# Recovery Time from Dislocated Collar Bone



## avsd (5 Jul 2012)

Hi Guys,

I had a heavy crash on Tuesday evening and dislocated my collar bone from the AC Socket and tore the ligaments. T On pain killers at the moment and met the consultant at the Fracture Clinic. He said it would be -6 months recovery with no need for surgery. I am to stay off the bike for at least 4 weeks! Anyone else had this type of injury and what the recovery plan was like?


----------



## black'n'yellow (5 Jul 2012)

I had a fractured distal end near the AC joint some years ago with no ligament damage and I was off the bike for 5 weeks, although I could ride a static (upright) gym bike a couple of weeks before that. Ligament damage is the problem - depends on the severity...


----------



## avsd (8 Jul 2012)

Thanks for the response. Anyone else got experience of this type of injury?


----------



## thefollen (9 Jul 2012)

I had a grade 3 separation this time last year, not very pleasant! If I dig around I may be able to find a log of my recovery process.


----------



## thefollen (9 Jul 2012)

Right, found and uploaded to my site. Your recovery may be very different since it's an awkward injury type and depends on the grade, angle and how it settles. You may find this helpful however.

www.thefollen.co.uk/cycle/Shoulder_Recovery_Process.pdf


----------



## avsd (9 Jul 2012)

Thanks for the log. Just what I wanted to see,  Been at fracture clinic - they are suggesting no surgery but 3-6 month recovery which was quite depressing. I have medical insurance so I will get a second opinion.
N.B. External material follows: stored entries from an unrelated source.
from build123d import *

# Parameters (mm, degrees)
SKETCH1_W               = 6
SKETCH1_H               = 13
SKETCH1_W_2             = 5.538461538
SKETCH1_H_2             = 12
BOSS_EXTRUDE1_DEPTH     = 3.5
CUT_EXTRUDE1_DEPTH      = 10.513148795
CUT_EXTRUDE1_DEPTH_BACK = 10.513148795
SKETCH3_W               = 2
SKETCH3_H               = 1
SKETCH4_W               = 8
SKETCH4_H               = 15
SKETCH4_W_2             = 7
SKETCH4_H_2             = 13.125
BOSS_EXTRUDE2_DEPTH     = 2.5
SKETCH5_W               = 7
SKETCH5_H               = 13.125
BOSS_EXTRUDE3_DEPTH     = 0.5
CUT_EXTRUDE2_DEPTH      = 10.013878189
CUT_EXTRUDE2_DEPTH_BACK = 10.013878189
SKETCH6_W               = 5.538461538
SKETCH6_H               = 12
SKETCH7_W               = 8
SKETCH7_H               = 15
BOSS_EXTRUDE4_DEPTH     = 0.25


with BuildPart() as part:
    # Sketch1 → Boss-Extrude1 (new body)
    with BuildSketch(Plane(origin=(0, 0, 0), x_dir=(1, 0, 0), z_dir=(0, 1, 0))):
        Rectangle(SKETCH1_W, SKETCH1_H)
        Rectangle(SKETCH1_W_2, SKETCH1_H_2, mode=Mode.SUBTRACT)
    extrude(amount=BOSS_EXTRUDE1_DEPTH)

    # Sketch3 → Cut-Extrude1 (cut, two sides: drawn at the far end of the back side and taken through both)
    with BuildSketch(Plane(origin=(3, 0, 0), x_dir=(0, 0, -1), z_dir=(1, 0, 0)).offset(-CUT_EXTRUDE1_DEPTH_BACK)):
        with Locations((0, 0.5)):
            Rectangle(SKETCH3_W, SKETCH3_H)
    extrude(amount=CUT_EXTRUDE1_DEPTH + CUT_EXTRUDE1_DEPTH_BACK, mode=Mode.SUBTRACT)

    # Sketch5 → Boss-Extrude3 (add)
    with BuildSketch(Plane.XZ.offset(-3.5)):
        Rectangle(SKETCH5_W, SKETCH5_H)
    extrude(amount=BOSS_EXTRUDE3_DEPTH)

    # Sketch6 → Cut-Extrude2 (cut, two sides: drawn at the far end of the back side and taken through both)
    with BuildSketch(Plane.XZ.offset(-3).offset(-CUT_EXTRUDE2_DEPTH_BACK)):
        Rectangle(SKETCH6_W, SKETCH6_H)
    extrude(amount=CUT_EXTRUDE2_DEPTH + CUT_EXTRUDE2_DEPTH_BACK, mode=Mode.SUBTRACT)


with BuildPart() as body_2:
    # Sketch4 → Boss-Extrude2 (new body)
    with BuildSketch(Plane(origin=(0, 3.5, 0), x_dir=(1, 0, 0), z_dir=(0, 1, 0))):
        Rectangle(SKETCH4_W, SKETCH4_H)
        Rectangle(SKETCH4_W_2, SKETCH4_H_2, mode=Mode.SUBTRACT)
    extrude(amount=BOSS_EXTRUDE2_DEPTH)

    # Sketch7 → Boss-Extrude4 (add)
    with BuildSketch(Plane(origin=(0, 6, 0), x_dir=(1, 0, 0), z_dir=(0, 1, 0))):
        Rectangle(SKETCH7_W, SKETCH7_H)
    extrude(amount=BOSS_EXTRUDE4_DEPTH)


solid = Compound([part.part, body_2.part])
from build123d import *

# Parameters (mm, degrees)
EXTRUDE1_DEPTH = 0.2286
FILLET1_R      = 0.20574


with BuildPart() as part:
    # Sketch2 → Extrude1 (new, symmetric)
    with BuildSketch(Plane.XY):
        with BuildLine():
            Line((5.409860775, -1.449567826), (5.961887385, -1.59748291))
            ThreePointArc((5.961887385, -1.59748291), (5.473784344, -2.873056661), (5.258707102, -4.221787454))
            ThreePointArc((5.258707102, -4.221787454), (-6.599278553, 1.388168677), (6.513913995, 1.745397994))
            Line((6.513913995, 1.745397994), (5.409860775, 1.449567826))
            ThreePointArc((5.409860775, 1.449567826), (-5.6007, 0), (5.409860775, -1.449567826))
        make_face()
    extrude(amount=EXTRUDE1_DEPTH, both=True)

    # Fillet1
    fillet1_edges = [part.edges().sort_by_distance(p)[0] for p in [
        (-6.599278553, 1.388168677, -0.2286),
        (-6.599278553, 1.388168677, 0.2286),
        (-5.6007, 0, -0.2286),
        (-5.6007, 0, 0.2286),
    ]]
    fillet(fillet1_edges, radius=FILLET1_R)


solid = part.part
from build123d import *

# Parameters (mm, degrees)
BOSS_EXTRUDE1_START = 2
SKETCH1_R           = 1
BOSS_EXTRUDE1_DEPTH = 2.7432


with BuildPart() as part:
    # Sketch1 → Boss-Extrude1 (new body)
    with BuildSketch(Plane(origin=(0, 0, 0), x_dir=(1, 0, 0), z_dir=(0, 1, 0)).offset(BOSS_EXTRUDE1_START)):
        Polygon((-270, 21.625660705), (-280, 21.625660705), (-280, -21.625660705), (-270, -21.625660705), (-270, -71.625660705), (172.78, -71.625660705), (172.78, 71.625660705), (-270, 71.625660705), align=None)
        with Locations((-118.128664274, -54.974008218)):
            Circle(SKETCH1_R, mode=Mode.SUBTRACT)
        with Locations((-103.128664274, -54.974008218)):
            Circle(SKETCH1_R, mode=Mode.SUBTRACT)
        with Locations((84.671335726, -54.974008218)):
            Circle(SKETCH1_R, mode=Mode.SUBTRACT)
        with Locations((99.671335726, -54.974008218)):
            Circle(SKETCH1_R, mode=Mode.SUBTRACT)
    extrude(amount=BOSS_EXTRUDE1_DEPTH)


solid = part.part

Totally agree with your comments on t-shirts and the need for a 'painful' shower, I am one week into the injury and this is the first day that the pain has eased.


----------



## thefollen (9 Jul 2012)

avsd said:


> Thanks for the log. Just what I wanted to see,  Been at fracture clinic - they are suggesting no surgery but 3-6 month recovery which was quite depressing. I have medical insurance so I will get a second opinion.
> 
> Totally agree with your comments on t-shirts and the need for a 'painful' shower, I am one week into the injury and this is the first day that the pain has eased.


 
No worries- unfortunately it does take a little while in getting back to normal, a nasty injury. Best get some DVD box sets down you  Also if you saw, the recumbent bikes at the gym are good to keep the legs ticking over (if you can get there ok). With no upper body movement required you can work the legs a bit and keep fitness up.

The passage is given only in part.